Some Sunni authors, supporting their claims by some speeches or letters in Nahj al-balagha , in which it talked about the requisite of bay'a even for those who had not pledged bay'a, have claimed that Imam 'Ali (a) and Imam al-Hasan (a) had approved of proving Imamate by bay'a. But Shi'a researchers have rejected this opinion, since not only disagreeing with proving Imamate with bay'a is one of requirements of Shi'a theology, but also it was emphasized by Imam 'Ali (a) himself.

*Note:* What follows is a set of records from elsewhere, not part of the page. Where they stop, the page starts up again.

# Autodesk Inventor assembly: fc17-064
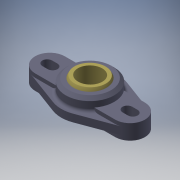
[picture p0: Inventor's stored thumbnail of the model, 180x180]
Saved by Autodesk Inventor 2017.1 (Build 211199000, 199)
## iProperties
Category: Bearing
Company: Autodesk, Inc.
Created: 2016-12-16
Part Number: fc17-064
Document SubType Name: Assembly
Project: FIRST
Catalog Web Link: http://www.igus.com/wpck/5378/igubal_Flanschlager_EFOI?C=US&L=en
Description: Flanged spherical bearing
Vendor: igus
Engineer: Autodesk, Inc.
Title: Flanged Spherical Bearing
Author: Autodesk, Inc.
Keywords: FIRST Choice
## Documents named in this file (3)
- D:\FIRST\FIRST KOP 2017\FIRST FirstChoice 2017\fc17-064_Bearing.iam
- D:\FIRST\FIRST KOP 2017\FIRST FirstChoice 2017\Parts\EFOI-10_Housing.ipt
- D:\FIRST\FIRST KOP 2017\FIRST FirstChoice 2017\Parts\EFOI-10_Spherical Bearing.ipt
## Components (2 placed, 2 different names)
1. EFOI-10_Housing:1 — Mate:1
2. EFOI-10_Spherical Bearing:1 — Mate:1
## Relationships (1: Mate 1)
- Mate:1: EFOI-10_Housing:1 ↔ EFOI-10_Spherical Bearing:1

Because of this and other reasons, we should apply these hadiths in order to make the opponent silent and persuaded, when debates and squabbles.
New Political Attitude of Shi'a
Although most of Imami contemporary faqihs state only an emphatic role for bay'a in presence of Imam, some of them state a role that is further than emphasis for bay'a to faqihs in the absence of Imam, meaning they state a kind of insha' (having neither good aspect nor bad). However, some faqihs do not differentiate between bay'a in presence of Imam and his absence. Moreover, some contemporary faqihs believe to achieve a kind of wilaya (superiority) and democratic legitimacy through Bay'a in the Age of Occultation. A limited number of these faqih think of bay'a as an "'aqd al-wikala al-lazim" (obligatory contract of advocacy) which its subject is inshai' for wilaya and giving control over others. Accordingly, will and bay'a of majority is must-done in comparison with those minorities who did not pledged bay'a. Explaining bay'a as 'aqd al-wikala and also the obligation of this kind of 'aqd is discussed and debated continuously.